▶ [Action item]:
For each line in the data that includes "unit", make a copy.

▶ [Stored items from a collection]:
★ ★ ★ ★ ★

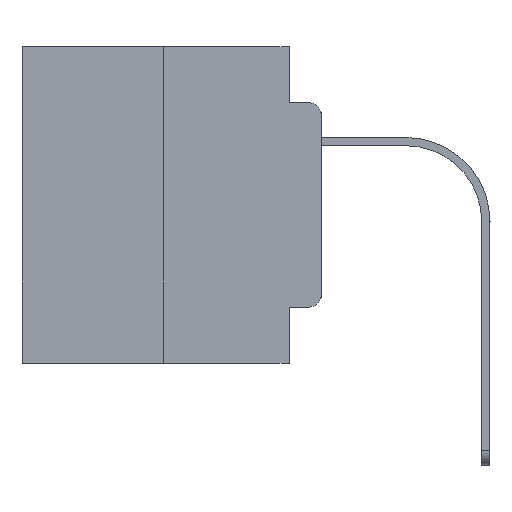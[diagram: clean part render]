
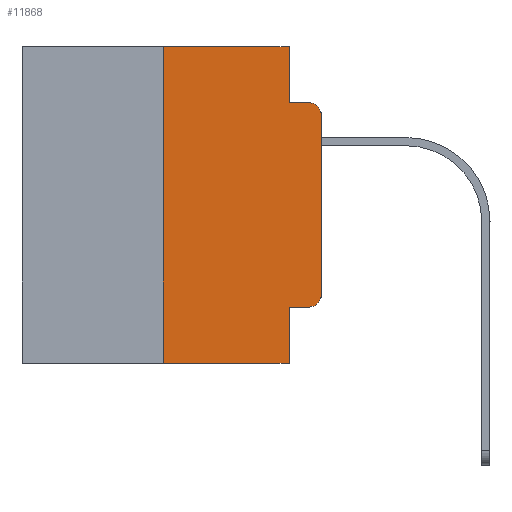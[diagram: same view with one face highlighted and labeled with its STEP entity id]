
A CAD part, left-side view. The second image highlights one B-rep face of the part: STEP entity #11868.
In plain terms, the highlighted planar face has unit normal (-1, 0, 0).
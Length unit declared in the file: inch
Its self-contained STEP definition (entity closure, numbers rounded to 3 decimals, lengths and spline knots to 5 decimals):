
#80 = EDGE_CURVE ( 'NONE', #4595, #25680, #17213, .T. ) ;
#721 = CARTESIAN_POINT ( 'NONE',  ( 0., 0., 0. ) ) ;
#752 = CIRCLE ( 'NONE', #16621, 0.02 ) ;
#1172 = EDGE_LOOP ( 'NONE', ( #9614, #12833, #7210, #19175, #24573, #3196, #24378, #1847, #18253, #2218 ) ) ;
#1655 = CARTESIAN_POINT ( 'NONE',  ( 0., 0.02, -0.0885 ) ) ;
#1796 = CARTESIAN_POINT ( 'NONE',  ( 0., 0.051, 0. ) ) ;
#1847 = ORIENTED_EDGE ( 'NONE', *, *, #8005, .F. ) ;
#2036 = EDGE_CURVE ( 'NONE', #23312, #17552, #24641, .T. ) ;
#2218 = ORIENTED_EDGE ( 'NONE', *, *, #23669, .T. ) ;
#2295 = VECTOR ( 'NONE', #9255, 39.37008 ) ;
#2313 = DIRECTION ( 'NONE',  ( 0., 0., 1. ) ) ;
#2622 = CIRCLE ( 'NONE', #13079, 0.02 ) ;
#2645 = VECTOR ( 'NONE', #14028, 39.37008 ) ;
#3196 = ORIENTED_EDGE ( 'NONE', *, *, #25468, .F. ) ;
#3256 = VECTOR ( 'NONE', #2313, 39.37008 ) ;
#4045 = DIRECTION ( 'NONE',  ( 1., 0., 0. ) ) ;
#4563 = DIRECTION ( 'NONE',  ( 0., 0., -1. ) ) ;
#4595 = VERTEX_POINT ( 'NONE', #12283 ) ;
#4603 = DIRECTION ( 'NONE',  ( -1., 0., 0. ) ) ;
#4656 = DIRECTION ( 'NONE',  ( 0., 0., -1. ) ) ;
#5211 = CARTESIAN_POINT ( 'NONE',  ( 0., 0.051, -0.0885 ) ) ;
#5299 = EDGE_CURVE ( 'NONE', #6990, #24316, #5935, .T. ) ;
#5304 = DIRECTION ( 'NONE',  ( 0., 0., -1. ) ) ;
#5570 = DIRECTION ( 'NONE',  ( 0., -1., 0. ) ) ;
#5935 = LINE ( 'NONE', #17553, #2645 ) ;
#6672 = VERTEX_POINT ( 'NONE', #17824 ) ;
#6747 = CARTESIAN_POINT ( 'NONE',  ( 0., 0.02, -0.1085 ) ) ;
#6934 = VECTOR ( 'NONE', #5570, 39.37008 ) ;
#6990 = VERTEX_POINT ( 'NONE', #24856 ) ;
#7130 = LINE ( 'NONE', #15226, #12732 ) ;
#7210 = ORIENTED_EDGE ( 'NONE', *, *, #80, .F. ) ;
#8005 = EDGE_CURVE ( 'NONE', #15476, #6672, #7130, .T. ) ;
#8909 = CARTESIAN_POINT ( 'NONE',  ( 0., 0.02, -0.3915 ) ) ;
#9128 = CARTESIAN_POINT ( 'NONE',  ( 0., 0., -0.1085 ) ) ;
#9255 = DIRECTION ( 'NONE',  ( 0., -1., 0. ) ) ;
#9351 = VERTEX_POINT ( 'NONE', #19580 ) ;
#9614 = ORIENTED_EDGE ( 'NONE', *, *, #2036, .T. ) ;
#9680 = LINE ( 'NONE', #15550, #16576 ) ;
#11291 = CARTESIAN_POINT ( 'NONE',  ( 0., 0., -0.3915 ) ) ;
#11560 = CARTESIAN_POINT ( 'NONE',  ( 0., 0.473, -0.5 ) ) ;
#11868 = ADVANCED_FACE ( 'NONE', ( #16571 ), #12149, .F. ) ;
#12149 = PLANE ( 'NONE',  #12258 ) ;
#12258 = AXIS2_PLACEMENT_3D ( 'NONE', #21934, #4045, #4563 ) ;
#12283 = CARTESIAN_POINT ( 'NONE',  ( 0., 0.051, -0.0885 ) ) ;
#12388 = EDGE_CURVE ( 'NONE', #17552, #25680, #2622, .T. ) ;
#12574 = DIRECTION ( 'NONE',  ( 0., 0., -1. ) ) ;
#12732 = VECTOR ( 'NONE', #5304, 39.37008 ) ;
#12764 = LINE ( 'NONE', #14348, #14145 ) ;
#12833 = ORIENTED_EDGE ( 'NONE', *, *, #12388, .T. ) ;
#13079 = AXIS2_PLACEMENT_3D ( 'NONE', #6747, #14833, #4656 ) ;
#13344 = VECTOR ( 'NONE', #15789, 39.37008 ) ;
#14028 = DIRECTION ( 'NONE',  ( 0., -1., 0. ) ) ;
#14145 = VECTOR ( 'NONE', #20475, 39.37008 ) ;
#14348 = CARTESIAN_POINT ( 'NONE',  ( 0., 0.25, 0. ) ) ;
#14833 = DIRECTION ( 'NONE',  ( -1., 0., 0. ) ) ;
#15226 = CARTESIAN_POINT ( 'NONE',  ( 0., 0.051, 0. ) ) ;
#15476 = VERTEX_POINT ( 'NONE', #21580 ) ;
#15550 = CARTESIAN_POINT ( 'NONE',  ( 0., 0.051, 0. ) ) ;
#15608 = LINE ( 'NONE', #11560, #6934 ) ;
#15789 = DIRECTION ( 'NONE',  ( 0., -1., 0. ) ) ;
#15860 = EDGE_CURVE ( 'NONE', #24316, #4595, #9680, .T. ) ;
#16069 = VERTEX_POINT ( 'NONE', #20607 ) ;
#16571 = FACE_OUTER_BOUND ( 'NONE', #1172, .T. ) ;
#16576 = VECTOR ( 'NONE', #25596, 39.37008 ) ;
#16621 = AXIS2_PLACEMENT_3D ( 'NONE', #8909, #4603, #12574 ) ;
#17213 = LINE ( 'NONE', #5211, #2295 ) ;
#17552 = VERTEX_POINT ( 'NONE', #9128 ) ;
#17553 = CARTESIAN_POINT ( 'NONE',  ( 0., 0.473, 0. ) ) ;
#17824 = CARTESIAN_POINT ( 'NONE',  ( 0., 0.051, -0.5 ) ) ;
#18253 = ORIENTED_EDGE ( 'NONE', *, *, #19431, .T. ) ;
#19175 = ORIENTED_EDGE ( 'NONE', *, *, #15860, .F. ) ;
#19431 = EDGE_CURVE ( 'NONE', #15476, #16069, #23393, .T. ) ;
#19580 = CARTESIAN_POINT ( 'NONE',  ( 0., 0.25, -0.5 ) ) ;
#20475 = DIRECTION ( 'NONE',  ( 0., 0., 1. ) ) ;
#20607 = CARTESIAN_POINT ( 'NONE',  ( 0., 0.02, -0.4115 ) ) ;
#21446 = EDGE_CURVE ( 'NONE', #9351, #6672, #15608, .T. ) ;
#21580 = CARTESIAN_POINT ( 'NONE',  ( 0., 0.051, -0.4115 ) ) ;
#21934 = CARTESIAN_POINT ( 'NONE',  ( 0., 0.473, 0. ) ) ;
#23312 = VERTEX_POINT ( 'NONE', #11291 ) ;
#23393 = LINE ( 'NONE', #25332, #13344 ) ;
#23669 = EDGE_CURVE ( 'NONE', #16069, #23312, #752, .T. ) ;
#24316 = VERTEX_POINT ( 'NONE', #1796 ) ;
#24378 = ORIENTED_EDGE ( 'NONE', *, *, #21446, .T. ) ;
#24573 = ORIENTED_EDGE ( 'NONE', *, *, #5299, .F. ) ;
#24641 = LINE ( 'NONE', #721, #3256 ) ;
#24856 = CARTESIAN_POINT ( 'NONE',  ( 0., 0.25, 0. ) ) ;
#25332 = CARTESIAN_POINT ( 'NONE',  ( 0., 0.051, -0.4115 ) ) ;
#25468 = EDGE_CURVE ( 'NONE', #9351, #6990, #12764, .T. ) ;
#25596 = DIRECTION ( 'NONE',  ( 0., 0., -1. ) ) ;
#25680 = VERTEX_POINT ( 'NONE', #1655 ) ;

★ ★ ★ ★ ★

▶ [Solution to the problem]:
In plain terms, the highlighted planar face has unit normal (-1, 0, 0).
Length unit declared in the file: inch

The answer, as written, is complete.